→ Exercise goal
Scan the lines below and report each one containing "Axis" by copying it.

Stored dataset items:
────────────────

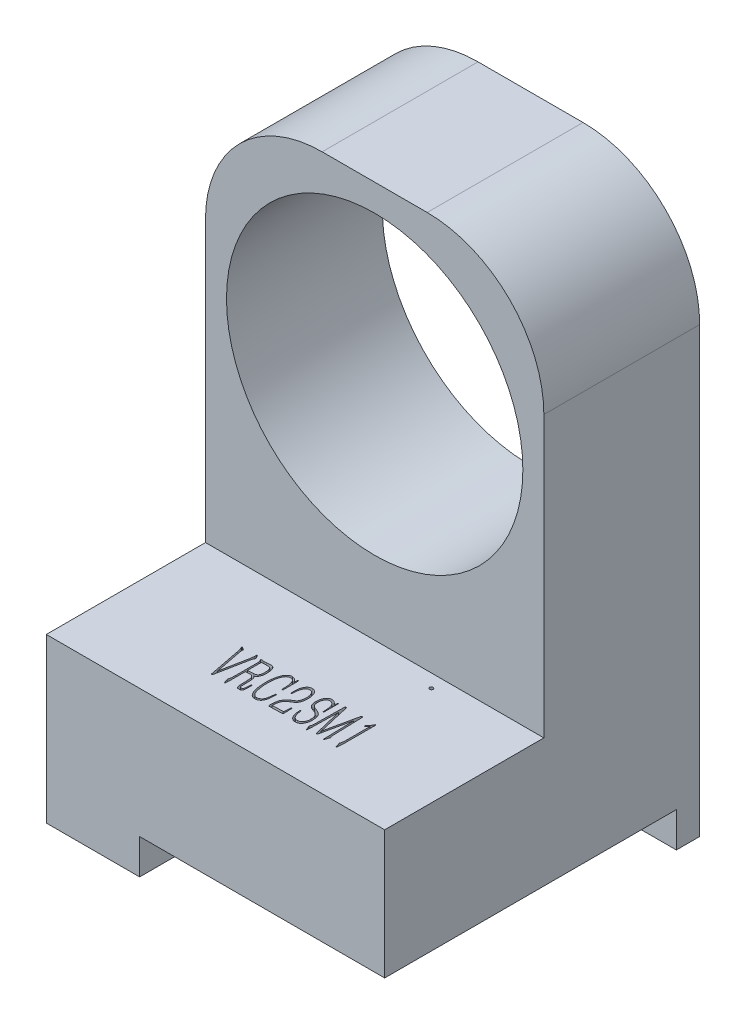
from build123d import *

# Parameters (mm, degrees)
SKETCH_1_W          = 29
SKETCH_1_H          = 29
EXTRUDE_1_DEPTH     = 5
SKETCH_2_W          = 25
SKETCH_2_H          = 25
CUT_EXTRUDE_1_DEPTH = 3
SKETCH_4_W          = 29
SKETCH_4_H          = 29
EXTRUDE_2_DEPTH     = 43
HOLE_WIZARD_M27_1_D = 25.4
CUT_EXTRUDE_START   = -15.643
SKETCH_10_R         = 18
CUT_EXTRUDE_2_DEPTH = 15.643
SKETCH_11_R         = 1
CUT_EXTRUDE_3_DEPTH = 3
CUT_EXTRUDE_4_DEPTH = 15.643
SKETCH_13_W         = 29
SKETCH_13_H         = 5
EXTRUDE_3_DEPTH     = 6
SKETCH_14_W         = 6
SKETCH_14_H         = 29
CUT_EXTRUDE_5_DEPTH = 50.794578018
SKETCH_15_W         = 29
SKETCH_15_H         = 2
CUT_EXTRUDE_6_DEPTH = 55.171025466
FILLET_1_R          = 10
CUT_EXTRUDE_7_REACH = 60.764
CUT_EXTRUDE_8_DEPTH = 0.5


with BuildPart() as part:
    # 草图1 → 凸台-拉伸1 (new body)
    with BuildSketch(Plane(origin=(0, 0, 0), x_dir=(1, 0, 0), z_dir=(0, 1, 0))):
        Rectangle(SKETCH_1_W, SKETCH_1_H)
    extrude(amount=EXTRUDE_1_DEPTH)

    # 草图2 → 切除-拉伸1 (cut)
    with BuildSketch(Plane.XZ):
        Rectangle(SKETCH_2_W, SKETCH_2_H)
    extrude(amount=-CUT_EXTRUDE_1_DEPTH, mode=Mode.SUBTRACT)

    # 草图4 → 凸台-拉伸2 (add)
    with BuildSketch(Plane(origin=(0, 5, 0), x_dir=(1, 0, 0), z_dir=(0, 1, 0))):
        with Locations((-6, 0)):
            Rectangle(SKETCH_4_W, SKETCH_4_H)
    extrude(amount=EXTRUDE_2_DEPTH)

    # 草图7 → M4 螺纹孔1 (revolve, cut)
    with BuildSketch(Plane(origin=(0, 3, 0), x_dir=(0, 0, -1), z_dir=(1, 0, 0))):
        Polygon((0, 0), (0, 11.091420021), (1.65, 10.1), (1.65, 0), align=None)
    revolve(axis=Axis((0, -3.35, 0), (0, 1, 0)), mode=Mode.SUBTRACT)

    # M27 螺纹孔1 (through all)
    with Locations(Plane(origin=(-6, 33, 14.5), x_dir=(1, 0, 0), z_dir=(0, 0, 1))):
        with Locations((0, 0)):
            Hole(HOLE_WIZARD_M27_1_D / 2)

    # 草图10 → 切除-拉伸2 (cut)
    with BuildSketch(Plane.XY.offset(14.5).offset(CUT_EXTRUDE_START)):
        with Locations((-6, 33)):
            Circle(SKETCH_10_R)
    extrude(amount=CUT_EXTRUDE_2_DEPTH, mode=Mode.SUBTRACT)

    # 草图11 → 切除-拉伸3 (cut)
    with BuildSketch(Plane(origin=(0, 0, 0), x_dir=(-1, 0, 0), z_dir=(0, -1, 0))):
        with Locations((12.5, 12.5)):
            Circle(SKETCH_11_R)
    extrude(amount=-CUT_EXTRUDE_3_DEPTH, mode=Mode.SUBTRACT)

    # 草图12 → 切除-拉伸4 (cut)
    with BuildSketch(Plane.XY.offset(14.5).offset(CUT_EXTRUDE_START)):
        with BuildLine():
            Line((-20.5, 48), (-20.5, 43.665364504))
            ThreePointArc((-20.5, 43.665364504), (-18.415569073, 46.032791128), (-15.949874371, 48))
            Line((-15.949874371, 48), (-20.5, 48))
        make_face()
        with BuildLine():
            Line((8.5, 48), (3.949874371, 48))
            ThreePointArc((3.949874371, 48), (6.415569073, 46.032791128), (8.5, 43.665364504))
            Line((8.5, 43.665364504), (8.5, 48))
        make_face()
    extrude(amount=CUT_EXTRUDE_4_DEPTH, mode=Mode.SUBTRACT)

    # 草图13 → 凸台-拉伸3 (add)
    with BuildSketch(Plane.ZY.offset(14.5)):
        with Locations((0, 2.5)):
            Rectangle(SKETCH_13_W, SKETCH_13_H)
    extrude(amount=EXTRUDE_3_DEPTH)

    # 草图14 → 切除-拉伸5 (cut, through all)
    with BuildSketch(Plane(origin=(0, 5, 0), x_dir=(1, 0, 0), z_dir=(0, 1, 0))):
        with Locations((11.5, 0)):
            Rectangle(SKETCH_14_W, SKETCH_14_H)
    extrude(amount=-CUT_EXTRUDE_5_DEPTH, mode=Mode.SUBTRACT)

    # 草图15 → 切除-拉伸6 (cut, through all)
    with BuildSketch(Plane.XZ):
        with Locations((-6, 13.5)):
            Rectangle(SKETCH_15_W, SKETCH_15_H)
    extrude(amount=-CUT_EXTRUDE_6_DEPTH, mode=Mode.SUBTRACT)

    # 圆角1
    fillet_1_edges = [part.edges().sort_by_distance(p)[0] for p in [
        (-20.5, 48, -7.8215),
        (8.5, 48, -7.8215),
    ]]
    fillet(fillet_1_edges, radius=FILLET_1_R)

    # 切除-拉伸7: up to this face of the body (flat: up to its plane)
    cut_extrude_7_end = Plane(part.part.faces().sort_by_distance((-6, 47.560682347, -1.143))[0])
    # 草图16 → 切除-拉伸7 (cut, up to the picked face)
    with BuildSketch(Plane.XY.offset(12.5), mode=Mode.PRIVATE) as cut_extrude_7_sk1:
        with BuildLine():
            Line((-20.5, 22.334635496), (-20.5, 14))
            Line((-20.5, 14), (8.5, 14))
            Line((8.5, 14), (8.5, 22.334635496))
            ThreePointArc((8.5, 22.334635496), (-6, 15), (-20.5, 22.334635496))
        make_face()
    cut_extrude_7_tool1 = split(extrude(cut_extrude_7_sk1.sketch, amount=-CUT_EXTRUDE_7_REACH, mode=Mode.PRIVATE), bisect_by=cut_extrude_7_end, keep=Keep.BOTH, mode=Mode.PRIVATE)
    add(cut_extrude_7_tool1.solids().sort_by(Axis((-20.198261, 18.167318, 12.5), (0, 0, -1)))[0], mode=Mode.SUBTRACT)

    # 草图17 → 切除-拉伸8 (cut)
    # profile 1 of 7: a face of its own
    with BuildSketch(Plane(origin=(0, 14, 0), x_dir=(1, 0, 0), z_dir=(0, 1, 0))):
        with BuildLine():
            Line((-9.956277984, -5.026142166), (-9.901089405, -5.001531043))
            Line((-9.901089405, -5.001531043), (-9.725082586, -5.313271934))
            add(Edge.make_bspline(
                [(-9.725082586, -5.313271934), (-9.734000407, -5.328453469), (-9.749914638, -5.355545566), (-9.773762803, -5.395146232), (-9.7961015, -5.439650448), (-9.815796245, -5.484696301), (-9.833181085, -5.531435513), (-9.844275475, -5.576643473), (-9.856764948, -5.628652416), (-9.862822278, -5.666225736), (-9.8660372, -5.686167736)],
                knots=[0, 0, 0, 0, 1.050845495, 1.875278674, 2.7577401, 4.020108455, 4.808513078, 5.729779683, 6.795082978, 8, 8, 8, 8], degree=3))
            Line((-9.8660372, -5.686167736), (-10.394057656, -8.368780137))
            Line((-10.394057656, -8.368780137), (-10.485044231, -8.374000679))
            Line((-10.485044231, -8.374000679), (-11.028726311, -5.580265328))
            add(Edge.make_bspline(
                [(-11.028726311, -5.580265328), (-11.031348337, -5.568304541), (-11.037057212, -5.542262604), (-11.048881015, -5.500783794), (-11.060973702, -5.452757525), (-11.076500746, -5.401535328), (-11.091288451, -5.350460428), (-11.105533834, -5.304820389), (-11.117189969, -5.26602297), (-11.131700033, -5.226255636), (-11.147457374, -5.185043301), (-11.162728404, -5.15579959), (-11.169680924, -5.142485656)],
                knots=[0, 0, 0, 0, 0.796855161, 1.734973822, 2.806513648, 4.020139396, 5.218239302, 6.267555842, 7.132481218, 7.85415497, 9.023050118, 10, 10, 10, 10], degree=3))
            Line((-11.169680924, -5.142485656), (-11.20473313, -5.076855995))
            Line((-11.20473313, -5.076855995), (-11.169680924, -5.016446875))
            Line((-11.169680924, -5.016446875), (-10.90268753, -5.207369526))
            add(Edge.make_bspline(
                [(-10.90268753, -5.207369526), (-10.906991348, -5.22644319), (-10.91509647, -5.26236348), (-10.921983084, -5.316827896), (-10.920284024, -5.374599758), (-10.913547461, -5.440096261), (-10.900610446, -5.51487532), (-10.892184583, -5.567578746), (-10.887771698, -5.59518116)],
                knots=[0, 0, 0, 0, 0.898331485, 1.691773928, 2.514283857, 3.547449524, 4.715523432, 6, 6, 6, 6], degree=3))
            Line((-10.887771698, -5.59518116), (-10.439550944, -7.875811887))
            Line((-10.439550944, -7.875811887), (-9.991330189, -5.580265328))
            add(Edge.make_bspline(
                [(-9.991330189, -5.580265328), (-9.986419053, -5.551207687), (-9.975823924, -5.488519647), (-9.965685068, -5.408302067), (-9.957837899, -5.342404413), (-9.953447855, -5.29712201), (-9.949745173, -5.258089836), (-9.947569449, -5.233970153), (-9.946582693, -5.22303115)],
                knots=[0, 0, 0, 0, 1.472770085, 3.177307748, 4.040376616, 4.789595524, 5.451045058, 6, 6, 6, 6], degree=3))
            add(Edge.make_bspline(
                [(-9.946582693, -5.22303115), (-9.946560517, -5.203132782), (-9.946517229, -5.164291579), (-9.949569064, -5.125571448), (-9.951057443, -5.106687659)],
                knots=[0, 0, 0, 0, 1.024601013, 2, 2, 2, 2], degree=3))
            Line((-9.951057443, -5.106687659), (-9.956277984, -5.026142166))
        make_face()
    # profile 2 of 7: a face of its own
    with BuildSketch(Plane(origin=(0, 14, 0), x_dir=(1, 0, 0), z_dir=(0, 1, 0))):
        with BuildLine():
            add(Edge.make_bspline(
                [(-8.492289064, -6.68254532), (-8.47735489, -6.70415802), (-8.450270488, -6.743354499), (-8.411628235, -6.799869907), (-8.381044203, -6.86021635), (-8.361771496, -6.93405542), (-8.346633561, -7.023190505), (-8.335530613, -7.126843401), (-8.326737642, -7.241494315), (-8.326234901, -7.32117246), (-8.325977536, -7.361961471)],
                knots=[0, 0, 0, 0, 0.881232765, 1.598190978, 2.295533752, 3.137383339, 4.144986829, 5.328248715, 6.632271209, 8, 8, 8, 8], degree=3))
            Line((-8.325977536, -7.361961471), (-8.311061704, -7.830318599))
            add(Edge.make_bspline(
                [(-8.311061704, -7.830318599), (-8.310573866, -7.856397367), (-8.309630415, -7.906832166), (-8.308160019, -7.977942558), (-8.300234618, -8.036537002), (-8.290532609, -8.079136905), (-8.268658458, -8.1011317), (-8.243596893, -8.111179658), (-8.209850752, -8.116224226), (-8.184297485, -8.11701129), (-8.170107091, -8.117448367)],
                knots=[0, 0, 0, 0, 1.650852431, 3.192651296, 4.477622576, 5.427192863, 5.849578153, 6.384274066, 7.102745334, 8, 8, 8, 8], degree=3))
            add(Edge.make_bspline(
                [(-8.170107091, -8.117448367), (-8.155866098, -8.118128617), (-8.129222668, -8.119401295), (-8.090418335, -8.106694055), (-8.058791589, -8.078107913), (-8.036924954, -8.034245311), (-8.020423485, -7.979952554), (-8.011202603, -7.914238775), (-8.002133471, -7.83689005), (-7.996944484, -7.780617488), (-7.994100272, -7.749773106)],
                knots=[0, 0, 0, 0, 0.741895998, 1.388010978, 2.079699508, 2.912679041, 3.92113713, 5.042206699, 6.378760387, 8, 8, 8, 8], degree=3))
            Line((-7.994100272, -7.749773106), (-7.968743358, -7.462643338))
            Line((-7.968743358, -7.462643338), (-7.903113697, -7.462643338))
            Line((-7.903113697, -7.462643338), (-7.903113697, -7.815402767))
            add(Edge.make_bspline(
                [(-7.903113697, -7.815402767), (-7.903401351, -7.848720442), (-7.903931789, -7.910158723), (-7.907586021, -7.994228985), (-7.91281996, -8.062563547), (-7.921670311, -8.116510114), (-7.933782373, -8.160390764), (-7.950989949, -8.196700853), (-7.971977802, -8.22859635), (-7.998437421, -8.253422097), (-8.026906868, -8.27409516), (-8.058093797, -8.288964083), (-8.090907169, -8.29973746), (-8.135103882, -8.305623202), (-8.185301116, -8.307007121), (-8.22381099, -8.304854645), (-8.240957293, -8.303896268)],
                knots=[0, 0, 0, 0, 1.955595562, 3.606146949, 4.93917426, 5.975540879, 6.81139212, 7.601269519, 8.32576276, 9.0378047, 9.718034635, 10.383709129, 11.057491241, 11.736467872, 12.992175141, 14, 14, 14, 14], degree=3))
            add(Edge.make_bspline(
                [(-8.240957293, -8.303896268), (-8.252980099, -8.302883719), (-8.275930229, -8.300950883), (-8.307682404, -8.290586819), (-8.335929964, -8.277338135), (-8.360509606, -8.259031455), (-8.381125039, -8.23501505), (-8.398131623, -8.205215036), (-8.41293361, -8.16985683), (-8.425789532, -8.127685867), (-8.436452029, -8.076334256), (-8.442893951, -8.013629091), (-8.449222445, -7.938810781), (-8.451038293, -7.884777881), (-8.452016318, -7.855675514)],
                knots=[0, 0, 0, 0, 0.785514098, 1.499454538, 2.167605402, 2.81714562, 3.484704239, 4.219933844, 5.049370252, 5.984178009, 7.095655963, 8.469322192, 10.098360771, 12, 12, 12, 12], degree=3))
            Line((-8.452016318, -7.855675514), (-8.457236859, -7.614039034))
            Line((-8.457236859, -7.614039034), (-8.4624574, -7.367182013))
            add(Edge.make_bspline(
                [(-8.4624574, -7.367182013), (-8.464303129, -7.334853597), (-8.468224818, -7.266164239), (-8.47710931, -7.162227313), (-8.486754067, -7.061487594), (-8.504343283, -6.972946923), (-8.530354546, -6.898152975), (-8.564700092, -6.834444441), (-8.607070143, -6.781718909), (-8.660159141, -6.745220114), (-8.722196092, -6.724842025), (-8.792892849, -6.713704311), (-8.87361971, -6.709544745), (-8.930571349, -6.71188627), (-8.960646192, -6.713122775)],
                knots=[0, 0, 0, 0, 1.186982176, 2.522024164, 3.82431485, 4.894934829, 5.823070192, 6.716229133, 7.537699214, 8.278355097, 9.042196562, 9.911176558, 10.896940655, 12, 12, 12, 12], degree=3))
            Line((-8.960646192, -6.713122775), (-9.207503213, -6.733259149))
            Line((-9.207503213, -6.733259149), (-9.207503213, -7.921305175))
            add(Edge.make_bspline(
                [(-9.207503213, -7.921305175), (-9.209688999, -7.960338604), (-9.213671249, -8.031453032), (-9.219723614, -8.127136469), (-9.224367813, -8.201473606), (-9.227915562, -8.269352307), (-9.232578451, -8.334363624), (-9.239499297, -8.389032224), (-9.24712299, -8.424586261), (-9.250805349, -8.439509904), (-9.255745086, -8.451446516), (-9.260827539, -8.449894802), (-9.262691792, -8.449325631)],
                knots=[0, 0, 0, 0, 2.178702561, 3.969346042, 5.343442504, 6.32866056, 7.759955515, 8.962971945, 9.43033784, 9.732921223, 9.902035012, 10, 10, 10, 10], degree=3))
            add(Edge.make_bspline(
                [(-9.262691792, -8.449325631), (-9.264950863, -8.448649358), (-9.2705181, -8.446982757), (-9.281530387, -8.440737251), (-9.293487006, -8.42160199), (-9.306685392, -8.393511038), (-9.31932358, -8.360890893), (-9.321961243, -8.3382779), (-9.323100912, -8.328507391)],
                knots=[0, 0, 0, 0, 0.301236197, 0.742364128, 1.580669581, 3.100179862, 4.747060191, 6, 6, 6, 6], degree=3))
            Line((-9.323100912, -8.328507391), (-9.383510032, -8.147280031))
            add(Edge.make_bspline(
                [(-9.383510032, -8.147280031), (-9.389192844, -8.130870654), (-9.399169589, -8.102062352), (-9.412421479, -8.065019957), (-9.419451041, -8.039749535), (-9.422996434, -8.019387295), (-9.414385921, -7.998804482), (-9.402002176, -7.971261147), (-9.387844441, -7.933552178), (-9.375693692, -7.888272956), (-9.365079086, -7.842272205), (-9.358157122, -7.803401432), (-9.355607432, -7.767175419), (-9.352241806, -7.726461037), (-9.350554759, -7.671216371), (-9.348566192, -7.607076413), (-9.34613535, -7.544690483), (-9.345406587, -7.494690215), (-9.343070544, -7.462658945), (-9.343198195, -7.447231261), (-9.343237285, -7.442506965)],
                knots=[0, 0, 0, 0, 1.301962309, 2.285725083, 2.940890519, 3.278257869, 3.802826989, 4.553745501, 5.567560366, 6.806006901, 8.066807115, 9.104973239, 9.759343731, 10.786589445, 12.166193442, 13.899498157, 15.595566675, 16.84419832, 17.646068083, 18, 18, 18, 18], degree=3))
            Line((-9.343237285, -7.442506965), (-9.343237285, -5.47436292))
            add(Edge.make_bspline(
                [(-9.343237285, -5.47436292), (-9.343580839, -5.459156244), (-9.344237895, -5.430073046), (-9.351562986, -5.388731264), (-9.360785227, -5.35091417), (-9.372615556, -5.329001832), (-9.37828949, -5.318492475)],
                knots=[0, 0, 0, 0, 1.127954724, 2.157245254, 3.116197974, 4, 4, 4, 4], degree=3))
            Line((-9.37828949, -5.318492475), (-9.429003319, -5.243167523))
            add(Edge.make_bspline(
                [(-9.429003319, -5.243167523), (-9.434099526, -5.234065228), (-9.443268806, -5.217688048), (-9.453913863, -5.194549491), (-9.457374421, -5.175944479), (-9.458591612, -5.160181386), (-9.447143444, -5.148757909), (-9.427818093, -5.146293851), (-9.401019396, -5.146313566), (-9.380508506, -5.150025038), (-9.3685942, -5.152180947)],
                knots=[0, 0, 0, 0, 1.380566717, 2.483966017, 3.320820912, 3.912566683, 4.446905125, 5.258929739, 6.407774973, 8, 8, 8, 8], degree=3))
            Line((-9.3685942, -5.152180947), (-9.262691792, -5.16262203))
            Line((-9.262691792, -5.16262203), (-9.156789384, -5.177537862))
            Line((-9.156789384, -5.177537862), (-8.960646192, -5.16262203))
            add(Edge.make_bspline(
                [(-8.960646192, -5.16262203), (-8.921871777, -5.160012827), (-8.85080482, -5.155230598), (-8.753557693, -5.150390686), (-8.675745363, -5.145916676), (-8.614177908, -5.142119966), (-8.562290401, -5.141700807), (-8.514122205, -5.150533703), (-8.46690838, -5.165365765), (-8.421416332, -5.187254704), (-8.378577922, -5.214530141), (-8.339491535, -5.246836388), (-8.304659371, -5.283741994), (-8.274467584, -5.3264503), (-8.247674384, -5.375740436), (-8.226707776, -5.434274448), (-8.207838193, -5.501199411), (-8.194584163, -5.577252365), (-8.183431307, -5.660598297), (-8.175218584, -5.750661913), (-8.17094314, -5.847215691), (-8.170391879, -5.913630179), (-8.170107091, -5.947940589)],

────────────────

→ Expected answer
    revolve(axis=Axis((0, -3.35, 0), (0, 1, 0)), mode=Mode.SUBTRACT)
    add(cut_extrude_7_tool1.solids().sort_by(Axis((-20.198261, 18.167318, 12.5), (0, 0, -1)))[0], mode=Mode.SUBTRACT)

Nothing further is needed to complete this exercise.